WORK REQUIRED> Looking at the listing below, retype exactly the lines starting at the one containing "Unicycle Kinematic Model1/2 -> Terminator/1" and ending at the one containing "if isempty(has_updated)", both included, and nothing else.

LISTED RECORDS>
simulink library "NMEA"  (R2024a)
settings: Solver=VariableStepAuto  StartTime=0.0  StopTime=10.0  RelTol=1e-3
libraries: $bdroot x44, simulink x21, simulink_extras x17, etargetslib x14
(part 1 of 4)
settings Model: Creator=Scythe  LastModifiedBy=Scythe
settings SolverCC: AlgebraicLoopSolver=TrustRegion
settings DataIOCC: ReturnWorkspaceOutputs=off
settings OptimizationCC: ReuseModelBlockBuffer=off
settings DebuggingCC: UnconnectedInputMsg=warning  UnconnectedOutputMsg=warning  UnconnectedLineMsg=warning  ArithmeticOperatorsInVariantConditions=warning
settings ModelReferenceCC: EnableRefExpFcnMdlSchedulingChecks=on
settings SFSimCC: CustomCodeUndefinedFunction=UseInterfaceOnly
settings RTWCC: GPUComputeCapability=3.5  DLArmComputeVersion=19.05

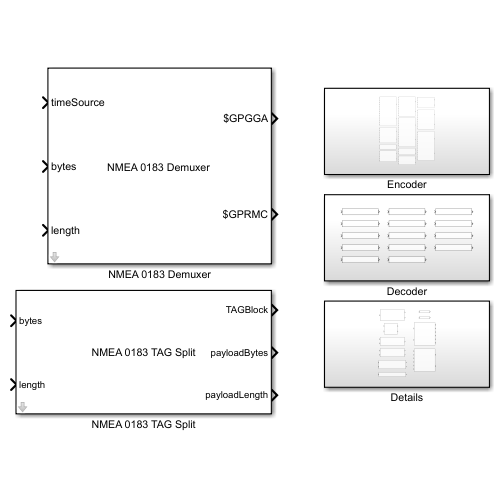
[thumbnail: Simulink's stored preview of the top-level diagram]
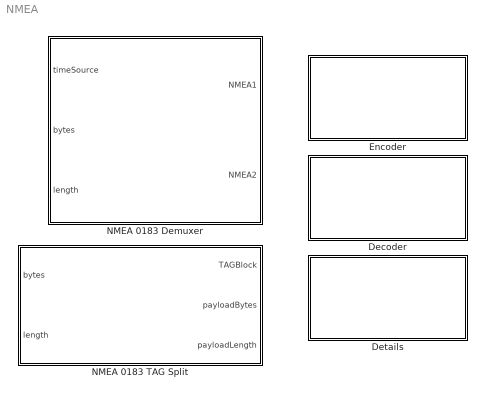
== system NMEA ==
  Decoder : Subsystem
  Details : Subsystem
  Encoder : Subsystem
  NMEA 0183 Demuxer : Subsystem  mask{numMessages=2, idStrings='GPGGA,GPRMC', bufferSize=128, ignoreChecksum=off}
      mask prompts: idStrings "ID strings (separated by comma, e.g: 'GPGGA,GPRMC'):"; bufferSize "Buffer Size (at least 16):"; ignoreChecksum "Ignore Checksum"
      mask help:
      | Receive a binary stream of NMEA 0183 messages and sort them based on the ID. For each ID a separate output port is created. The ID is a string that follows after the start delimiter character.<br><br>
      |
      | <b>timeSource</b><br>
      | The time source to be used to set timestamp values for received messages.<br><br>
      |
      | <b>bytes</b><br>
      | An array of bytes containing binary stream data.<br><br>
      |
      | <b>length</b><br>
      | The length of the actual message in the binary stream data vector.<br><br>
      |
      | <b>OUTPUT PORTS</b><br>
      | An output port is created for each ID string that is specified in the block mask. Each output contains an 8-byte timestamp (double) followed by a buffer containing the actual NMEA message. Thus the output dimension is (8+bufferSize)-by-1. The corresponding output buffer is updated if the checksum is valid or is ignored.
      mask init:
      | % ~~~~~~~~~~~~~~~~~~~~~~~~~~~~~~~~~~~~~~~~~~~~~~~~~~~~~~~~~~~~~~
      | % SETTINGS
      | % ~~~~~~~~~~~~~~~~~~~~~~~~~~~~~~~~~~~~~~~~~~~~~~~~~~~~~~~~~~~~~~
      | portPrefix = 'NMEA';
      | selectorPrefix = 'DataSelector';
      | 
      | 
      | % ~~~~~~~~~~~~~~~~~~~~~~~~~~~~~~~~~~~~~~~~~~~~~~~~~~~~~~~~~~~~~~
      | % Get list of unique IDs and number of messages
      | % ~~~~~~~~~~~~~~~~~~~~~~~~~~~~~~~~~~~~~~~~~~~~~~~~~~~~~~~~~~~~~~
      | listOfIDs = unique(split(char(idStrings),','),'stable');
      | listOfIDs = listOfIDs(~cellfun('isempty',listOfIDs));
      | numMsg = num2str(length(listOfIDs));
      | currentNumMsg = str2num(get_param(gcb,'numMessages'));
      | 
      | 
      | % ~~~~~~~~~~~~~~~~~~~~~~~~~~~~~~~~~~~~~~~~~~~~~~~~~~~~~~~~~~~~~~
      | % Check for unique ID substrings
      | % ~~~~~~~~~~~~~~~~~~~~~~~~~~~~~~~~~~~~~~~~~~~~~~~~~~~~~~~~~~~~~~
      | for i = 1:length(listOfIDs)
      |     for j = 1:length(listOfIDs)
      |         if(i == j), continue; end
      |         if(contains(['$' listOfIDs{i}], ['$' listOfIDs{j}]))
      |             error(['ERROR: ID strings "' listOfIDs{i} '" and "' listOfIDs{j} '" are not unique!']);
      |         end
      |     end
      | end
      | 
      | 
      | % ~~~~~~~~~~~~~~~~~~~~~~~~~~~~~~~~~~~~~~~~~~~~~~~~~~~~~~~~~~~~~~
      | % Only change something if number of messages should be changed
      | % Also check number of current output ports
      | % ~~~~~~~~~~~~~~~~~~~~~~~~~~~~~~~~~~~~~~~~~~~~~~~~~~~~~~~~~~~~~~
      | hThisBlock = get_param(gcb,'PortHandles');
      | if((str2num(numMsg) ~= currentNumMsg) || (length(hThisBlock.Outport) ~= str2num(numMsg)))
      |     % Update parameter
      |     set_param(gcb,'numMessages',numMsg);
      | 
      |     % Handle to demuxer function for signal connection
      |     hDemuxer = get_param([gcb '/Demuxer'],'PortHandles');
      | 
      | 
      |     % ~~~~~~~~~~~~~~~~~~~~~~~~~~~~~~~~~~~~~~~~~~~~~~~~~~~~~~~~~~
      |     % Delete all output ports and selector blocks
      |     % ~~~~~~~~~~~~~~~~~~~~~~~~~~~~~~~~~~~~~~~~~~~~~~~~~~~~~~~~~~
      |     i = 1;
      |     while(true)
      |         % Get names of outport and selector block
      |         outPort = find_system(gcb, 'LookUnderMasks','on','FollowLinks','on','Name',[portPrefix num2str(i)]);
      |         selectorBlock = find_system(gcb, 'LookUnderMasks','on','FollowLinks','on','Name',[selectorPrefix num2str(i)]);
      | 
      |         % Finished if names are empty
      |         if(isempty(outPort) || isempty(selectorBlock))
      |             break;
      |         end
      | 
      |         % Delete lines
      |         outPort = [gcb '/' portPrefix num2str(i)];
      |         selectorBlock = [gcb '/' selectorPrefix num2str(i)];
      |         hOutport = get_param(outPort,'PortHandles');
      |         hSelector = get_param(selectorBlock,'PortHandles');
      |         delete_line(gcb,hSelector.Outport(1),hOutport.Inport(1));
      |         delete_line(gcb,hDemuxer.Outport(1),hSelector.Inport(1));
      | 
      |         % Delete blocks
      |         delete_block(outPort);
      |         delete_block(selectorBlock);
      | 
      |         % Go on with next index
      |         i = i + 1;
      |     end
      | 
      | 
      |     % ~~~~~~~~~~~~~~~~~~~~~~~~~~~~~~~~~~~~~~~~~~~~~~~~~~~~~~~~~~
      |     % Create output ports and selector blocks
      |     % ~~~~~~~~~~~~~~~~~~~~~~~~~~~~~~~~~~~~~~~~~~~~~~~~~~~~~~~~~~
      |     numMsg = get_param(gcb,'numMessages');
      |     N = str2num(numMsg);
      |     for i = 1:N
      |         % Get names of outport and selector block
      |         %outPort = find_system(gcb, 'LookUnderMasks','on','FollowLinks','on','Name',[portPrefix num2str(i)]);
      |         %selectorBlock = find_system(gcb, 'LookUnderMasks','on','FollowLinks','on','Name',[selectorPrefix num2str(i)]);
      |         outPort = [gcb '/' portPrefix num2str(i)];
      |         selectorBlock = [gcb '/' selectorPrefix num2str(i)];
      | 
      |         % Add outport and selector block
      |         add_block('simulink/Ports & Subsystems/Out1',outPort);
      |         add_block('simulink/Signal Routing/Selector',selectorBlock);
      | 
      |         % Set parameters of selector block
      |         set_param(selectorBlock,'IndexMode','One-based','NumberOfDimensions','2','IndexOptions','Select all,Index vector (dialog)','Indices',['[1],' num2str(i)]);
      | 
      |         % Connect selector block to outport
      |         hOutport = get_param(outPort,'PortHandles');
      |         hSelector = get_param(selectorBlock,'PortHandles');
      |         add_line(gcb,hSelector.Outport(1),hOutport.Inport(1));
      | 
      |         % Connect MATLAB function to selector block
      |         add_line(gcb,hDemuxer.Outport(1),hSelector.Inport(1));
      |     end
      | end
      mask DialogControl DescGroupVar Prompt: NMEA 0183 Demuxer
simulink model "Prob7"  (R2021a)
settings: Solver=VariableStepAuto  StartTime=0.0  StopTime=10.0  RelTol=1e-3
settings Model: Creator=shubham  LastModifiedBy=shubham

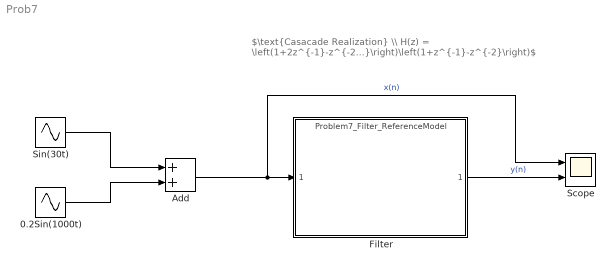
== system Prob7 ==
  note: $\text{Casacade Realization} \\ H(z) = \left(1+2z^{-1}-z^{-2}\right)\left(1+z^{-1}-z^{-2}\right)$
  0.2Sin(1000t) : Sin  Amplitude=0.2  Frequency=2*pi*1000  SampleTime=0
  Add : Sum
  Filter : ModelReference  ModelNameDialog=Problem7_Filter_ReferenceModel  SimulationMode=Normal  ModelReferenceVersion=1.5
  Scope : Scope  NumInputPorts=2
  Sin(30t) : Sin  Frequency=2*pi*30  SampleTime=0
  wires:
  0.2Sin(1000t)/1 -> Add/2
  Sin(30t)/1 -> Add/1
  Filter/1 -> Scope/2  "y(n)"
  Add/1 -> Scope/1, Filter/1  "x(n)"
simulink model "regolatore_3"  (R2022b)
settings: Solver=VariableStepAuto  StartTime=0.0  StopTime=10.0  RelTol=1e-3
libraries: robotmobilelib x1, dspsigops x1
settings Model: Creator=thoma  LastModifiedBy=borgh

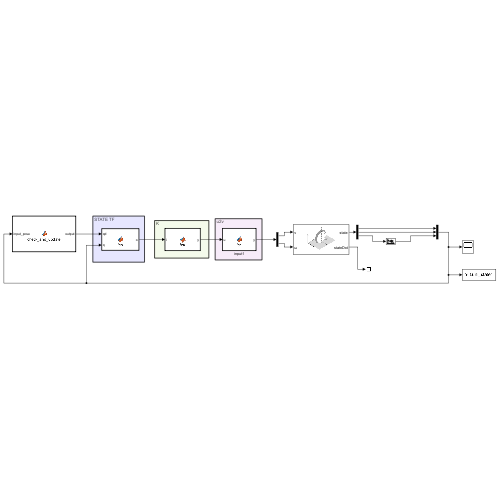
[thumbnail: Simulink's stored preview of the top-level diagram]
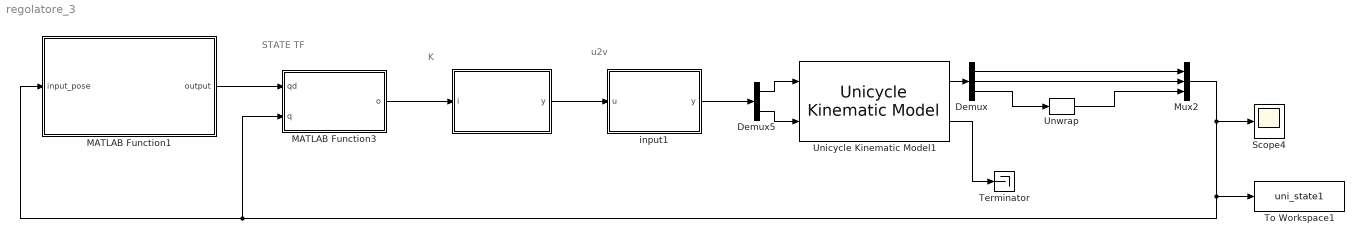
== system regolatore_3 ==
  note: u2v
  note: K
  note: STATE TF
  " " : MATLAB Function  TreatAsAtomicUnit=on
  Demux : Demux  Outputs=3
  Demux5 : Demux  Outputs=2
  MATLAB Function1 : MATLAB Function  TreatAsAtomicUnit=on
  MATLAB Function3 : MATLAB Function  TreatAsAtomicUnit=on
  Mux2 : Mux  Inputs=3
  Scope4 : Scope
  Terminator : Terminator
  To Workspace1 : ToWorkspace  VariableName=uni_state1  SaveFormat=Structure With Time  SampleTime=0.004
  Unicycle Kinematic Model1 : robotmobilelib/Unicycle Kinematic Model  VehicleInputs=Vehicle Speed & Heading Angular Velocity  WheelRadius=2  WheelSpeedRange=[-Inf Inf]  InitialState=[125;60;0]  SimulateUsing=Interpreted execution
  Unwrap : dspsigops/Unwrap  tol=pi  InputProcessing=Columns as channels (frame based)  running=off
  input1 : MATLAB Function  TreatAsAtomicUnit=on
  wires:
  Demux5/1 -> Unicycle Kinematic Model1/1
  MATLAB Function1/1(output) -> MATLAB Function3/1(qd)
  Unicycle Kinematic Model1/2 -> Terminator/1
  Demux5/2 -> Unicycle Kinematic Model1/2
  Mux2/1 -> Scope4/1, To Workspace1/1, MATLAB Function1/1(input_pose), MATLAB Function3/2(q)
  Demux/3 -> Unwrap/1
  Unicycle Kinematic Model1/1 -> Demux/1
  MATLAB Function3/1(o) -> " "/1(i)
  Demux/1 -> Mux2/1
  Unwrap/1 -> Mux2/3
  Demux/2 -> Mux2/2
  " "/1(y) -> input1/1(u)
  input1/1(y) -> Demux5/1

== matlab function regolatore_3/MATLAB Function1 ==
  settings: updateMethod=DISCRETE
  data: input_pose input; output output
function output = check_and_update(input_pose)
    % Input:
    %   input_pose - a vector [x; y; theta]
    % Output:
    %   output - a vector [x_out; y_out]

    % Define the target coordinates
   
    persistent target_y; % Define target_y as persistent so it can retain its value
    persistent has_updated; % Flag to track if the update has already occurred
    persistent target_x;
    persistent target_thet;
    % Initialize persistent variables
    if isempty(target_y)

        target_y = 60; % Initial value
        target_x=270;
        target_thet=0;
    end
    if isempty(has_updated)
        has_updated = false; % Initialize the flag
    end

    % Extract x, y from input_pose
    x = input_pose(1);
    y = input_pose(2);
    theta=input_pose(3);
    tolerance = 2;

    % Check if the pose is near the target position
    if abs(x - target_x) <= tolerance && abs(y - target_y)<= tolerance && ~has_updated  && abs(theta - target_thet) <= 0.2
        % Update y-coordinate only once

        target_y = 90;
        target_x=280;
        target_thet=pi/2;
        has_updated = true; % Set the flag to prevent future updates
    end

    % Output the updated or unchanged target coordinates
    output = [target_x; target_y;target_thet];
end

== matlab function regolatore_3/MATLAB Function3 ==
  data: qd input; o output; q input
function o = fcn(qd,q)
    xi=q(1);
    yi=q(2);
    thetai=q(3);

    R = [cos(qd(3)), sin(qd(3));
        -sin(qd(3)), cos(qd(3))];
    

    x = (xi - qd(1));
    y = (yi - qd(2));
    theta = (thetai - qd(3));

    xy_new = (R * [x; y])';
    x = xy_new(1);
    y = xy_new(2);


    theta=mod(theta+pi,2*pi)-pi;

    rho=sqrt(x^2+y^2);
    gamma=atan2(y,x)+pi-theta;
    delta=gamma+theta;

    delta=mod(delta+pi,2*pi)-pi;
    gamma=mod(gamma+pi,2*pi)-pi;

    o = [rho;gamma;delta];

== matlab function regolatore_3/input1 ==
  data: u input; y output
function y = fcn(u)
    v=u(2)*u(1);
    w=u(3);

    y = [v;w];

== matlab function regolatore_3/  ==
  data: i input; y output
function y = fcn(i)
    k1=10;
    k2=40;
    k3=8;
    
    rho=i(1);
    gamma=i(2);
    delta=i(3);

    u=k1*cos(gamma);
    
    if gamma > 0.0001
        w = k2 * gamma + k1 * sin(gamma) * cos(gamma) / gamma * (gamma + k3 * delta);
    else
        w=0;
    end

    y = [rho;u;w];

SOLUTION TO THIS PROBLEM>
  Unicycle Kinematic Model1/2 -> Terminator/1
  Demux5/2 -> Unicycle Kinematic Model1/2
  Mux2/1 -> Scope4/1, To Workspace1/1, MATLAB Function1/1(input_pose), MATLAB Function3/2(q)
  Demux/3 -> Unwrap/1
  Unicycle Kinematic Model1/1 -> Demux/1
  MATLAB Function3/1(o) -> " "/1(i)
  Demux/1 -> Mux2/1
  Unwrap/1 -> Mux2/3
  Demux/2 -> Mux2/2
  " "/1(y) -> input1/1(u)
  input1/1(y) -> Demux5/1

== matlab function regolatore_3/MATLAB Function1 ==
  settings: updateMethod=DISCRETE
  data: input_pose input; output output
function output = check_and_update(input_pose)
    % Input:
    %   input_pose - a vector [x; y; theta]
    % Output:
    %   output - a vector [x_out; y_out]

    % Define the target coordinates
   
    persistent target_y; % Define target_y as persistent so it can retain its value
    persistent has_updated; % Flag to track if the update has already occurred
    persistent target_x;
    persistent target_thet;
    % Initialize persistent variables
    if isempty(target_y)

        target_y = 60; % Initial value
        target_x=270;
        target_thet=0;
    end
    if isempty(has_updated)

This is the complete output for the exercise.